Data extract:
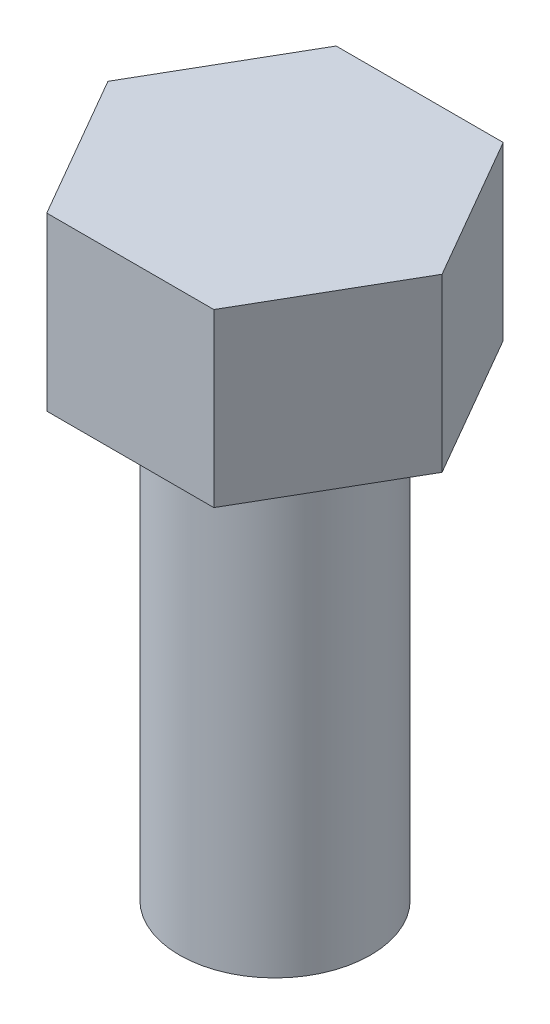
from build123d import *

# Parameters (mm, degrees)
BOSS_EXTRUDE1_DEPTH     = 4.8
SKETCH3_R               = 2.675
BOSS_EXTRUDE2_DEPTH     = 28.7
FILLET1_R               = 0.25
CUT_EXTRUDE1_DEPTH      = 30.358769452
CUT_EXTRUDE1_DEPTH_BACK = 30.358769452
SKETCH4_W               = 15.294544115
SKETCH4_H               = 19.173595159


with BuildPart() as part:
    # Sketch2 → Boss-Extrude1 (new body)
    with BuildSketch(Plane(origin=(0, 0, 0), x_dir=(1, 0, 0), z_dir=(0, 1, 0))):
        Polygon((-2.3375, 4.048668763), (-4.675, 0), (-2.3375, -4.048668763), (2.3375, -4.048668763), (4.675, 0), (2.3375, 4.048668763), align=None)
    extrude(amount=BOSS_EXTRUDE1_DEPTH)

    # Sketch3 → Boss-Extrude2 (add)
    with BuildSketch(Plane.XZ):
        with Locations(Location((0, 0, 0), (0, 0, 270))):
            Circle(SKETCH3_R)
    extrude(amount=BOSS_EXTRUDE2_DEPTH)

    # Fillet1
    fillet1_edges = [part.edges().sort_by_distance(p)[0] for p in [
        (0, 0, 2.675),
    ]]
    fillet(fillet1_edges, radius=FILLET1_R)

    # Sketch4 → Cut-Extrude1 (cut, two sides: drawn at the far end of the back side and taken through both)
    with BuildSketch(Plane.XY.offset(-CUT_EXTRUDE1_DEPTH_BACK)):
        with Locations((0.498735134, -22.286797579)):
            Rectangle(SKETCH4_W, SKETCH4_H)
    extrude(amount=CUT_EXTRUDE1_DEPTH + CUT_EXTRUDE1_DEPTH_BACK, mode=Mode.SUBTRACT)


solid = part.part

Task to complete: Look above for the line with "with BuildPart() as" and the line with "# Sketch3 → Boss-Extrude2 (add)". Retype those two lines and every line between them exactly, adding nothing.

Task solution:
with BuildPart() as part:
    # Sketch2 → Boss-Extrude1 (new body)
    with BuildSketch(Plane(origin=(0, 0, 0), x_dir=(1, 0, 0), z_dir=(0, 1, 0))):
        Polygon((-2.3375, 4.048668763), (-4.675, 0), (-2.3375, -4.048668763), (2.3375, -4.048668763), (4.675, 0), (2.3375, 4.048668763), align=None)
    extrude(amount=BOSS_EXTRUDE1_DEPTH)

    # Sketch3 → Boss-Extrude2 (add)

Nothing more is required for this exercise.